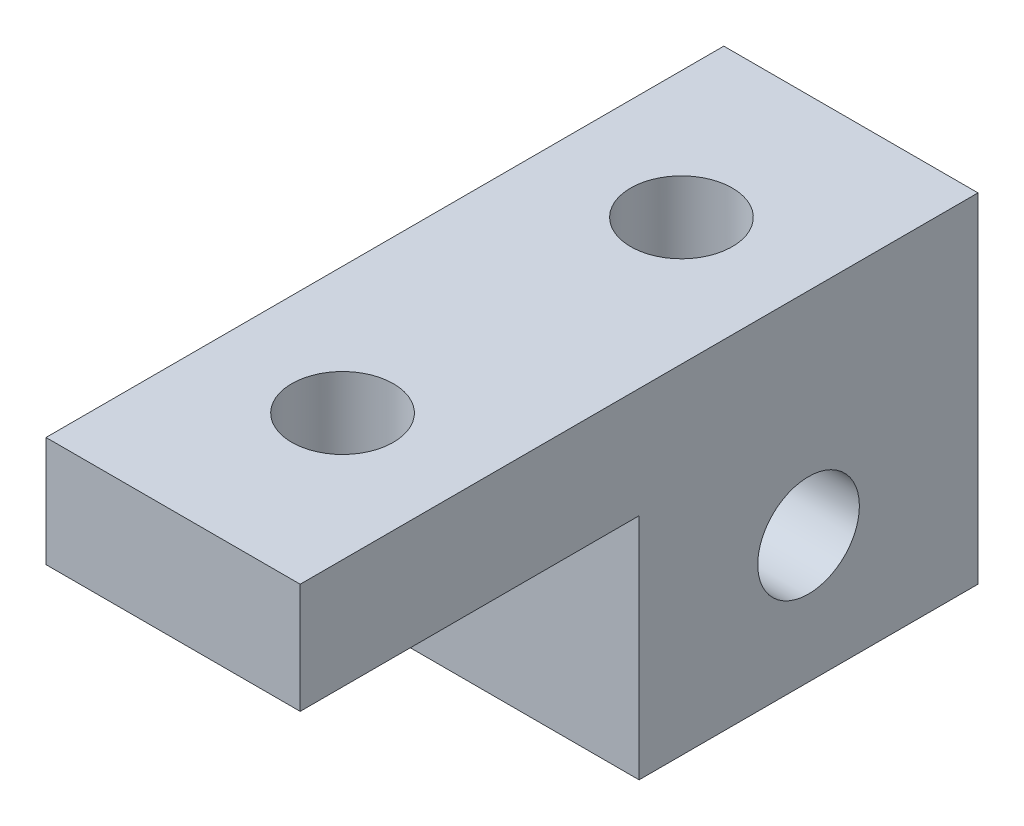
SolidWorks part; units mm, degrees
ref_plane "前视基准面" through (0, 0, 0) normal (0, 0, 1) x (1, 0, 0)
ref_plane "上视基准面" through (0, 0, 0) normal (0, 1, 0) x (1, 0, 0)
ref_plane "右视基准面" through (0, 0, 0) normal (1, 0, 0) x (0, 0, -1)
other "Configuration Table"
sketch "草图1" plane through (0, 0, 0) normal (1, 0, 0) x (0, 0, -1)
  line L1 (-2, 1) -> (2, 1)
  line L2 (-2, 1) -> (-2, -1.5)
  line L3 (-2, -1.5) -> (2, -1.5)
  line L4 (2, 1) -> (2, -1.5)
  line L5 (-2, 1) -> (2, 1)
  line L6 (-2, 1) -> (-2, 2.5)
  line L7 (-2, 2.5) -> (2, 2.5)
  line L8 (2, 1) -> (2, 2.5)
  line L9 (-2, 2.5) -> (-6, 2.5)
  line L10 (-2, 2.5) -> (-2, 1)
  line L11 (-2, 1) -> (-6, 1)
  line L12 (-6, 2.5) -> (-6, 1)
  circle A0 centre (0, 0) radius 0.6
  point P6 (0, -1.5)
  dimension "D1" = 1.2
  dimension "D2" = 1.5
  dimension "D3" = 2
  dimension "D4" = 1.5
  dimension "D5" = 4
  dimension "D6" = 1
extrude "凸台-拉伸1" add sketch "草图1" along normal blind 3 contours L4 L1 L2 L3 A0 | L1 L8 L7 L6 | L9 L12 L11 L6 region at (0, 1.75, 0) region at (0, 0.9528, 0) region at (0, 1.75, 4)
sketch "草图3" plane through (0, 1, 0) normal (0, -1, 0) x (1, 0, 0)
  line L0 (3, 6) -> (0, 6) construction
  line L1 (3, -2) -> (0, -2) construction
  circle A0 centre (1.5, 4) radius 0.6
  circle A1 centre (1.5, 0) radius 0.6
  point P5 (1.5, 6)
  point P9 (0, 0)
  dimension "D2" = 1.2
  dimension "D1" = 2
  dimension "D3" = 2
extrude "切除-拉伸1" cut sketch "草图3" against normal through all both and the other way through all contours A0 | A1
sketch "草图5" plane through (3, 0, 0) normal (1, 0, 0) x (0, 0, -1)
  line L0 (-6, 2.5) -> (-6, 1) construction
  line L1 (-2, 1.2) -> (-6, 1.2)
  line L2 (-2, 1.2) -> (-2, 1)
  line L3 (-2, 1) -> (-6, 1)
  line L4 (-6, 1.2) -> (-6, 1)
  line L5 (-2, 1) -> (-6, 1) construction
  line L6 (-2, 1) -> (-2, -1.5) construction
  dimension "D1" = 0.2
extrude "切除-拉伸2" cut sketch "草图5" against normal through all contours L1 L4 L3 L2

=-=-=-=-=

| Instructions for the task |
Each entry must be retyped word for word, with every image omitted.

| Result |
SolidWorks part; units mm, degrees
ref_plane "前视基准面" through (0, 0, 0) normal (0, 0, 1) x (1, 0, 0)
ref_plane "上视基准面" through (0, 0, 0) normal (0, 1, 0) x (1, 0, 0)
ref_plane "右视基准面" through (0, 0, 0) normal (1, 0, 0) x (0, 0, -1)
other "Configuration Table"
sketch "草图1" plane through (0, 0, 0) normal (1, 0, 0) x (0, 0, -1)
  line L1 (-2, 1) -> (2, 1)
  line L2 (-2, 1) -> (-2, -1.5)
  line L3 (-2, -1.5) -> (2, -1.5)
  line L4 (2, 1) -> (2, -1.5)
  line L5 (-2, 1) -> (2, 1)
  line L6 (-2, 1) -> (-2, 2.5)
  line L7 (-2, 2.5) -> (2, 2.5)
  line L8 (2, 1) -> (2, 2.5)
  line L9 (-2, 2.5) -> (-6, 2.5)
  line L10 (-2, 2.5) -> (-2, 1)
  line L11 (-2, 1) -> (-6, 1)
  line L12 (-6, 2.5) -> (-6, 1)
  circle A0 centre (0, 0) radius 0.6
  point P6 (0, -1.5)
  dimension "D1" = 1.2
  dimension "D2" = 1.5
  dimension "D3" = 2
  dimension "D4" = 1.5
  dimension "D5" = 4
  dimension "D6" = 1
extrude "凸台-拉伸1" add sketch "草图1" along normal blind 3 contours L4 L1 L2 L3 A0 | L1 L8 L7 L6 | L9 L12 L11 L6 region at (0, 1.75, 0) region at (0, 0.9528, 0) region at (0, 1.75, 4)
sketch "草图3" plane through (0, 1, 0) normal (0, -1, 0) x (1, 0, 0)
  line L0 (3, 6) -> (0, 6) construction
  line L1 (3, -2) -> (0, -2) construction
  circle A0 centre (1.5, 4) radius 0.6
  circle A1 centre (1.5, 0) radius 0.6
  point P5 (1.5, 6)
  point P9 (0, 0)
  dimension "D2" = 1.2
  dimension "D1" = 2
  dimension "D3" = 2
extrude "切除-拉伸1" cut sketch "草图3" against normal through all both and the other way through all contours A0 | A1
sketch "草图5" plane through (3, 0, 0) normal (1, 0, 0) x (0, 0, -1)
  line L0 (-6, 2.5) -> (-6, 1) construction
  line L1 (-2, 1.2) -> (-6, 1.2)
  line L2 (-2, 1.2) -> (-2, 1)
  line L3 (-2, 1) -> (-6, 1)
  line L4 (-6, 1.2) -> (-6, 1)
  line L5 (-2, 1) -> (-6, 1) construction
  line L6 (-2, 1) -> (-2, -1.5) construction
  dimension "D1" = 0.2
extrude "切除-拉伸2" cut sketch "草图5" against normal through all contours L1 L4 L3 L2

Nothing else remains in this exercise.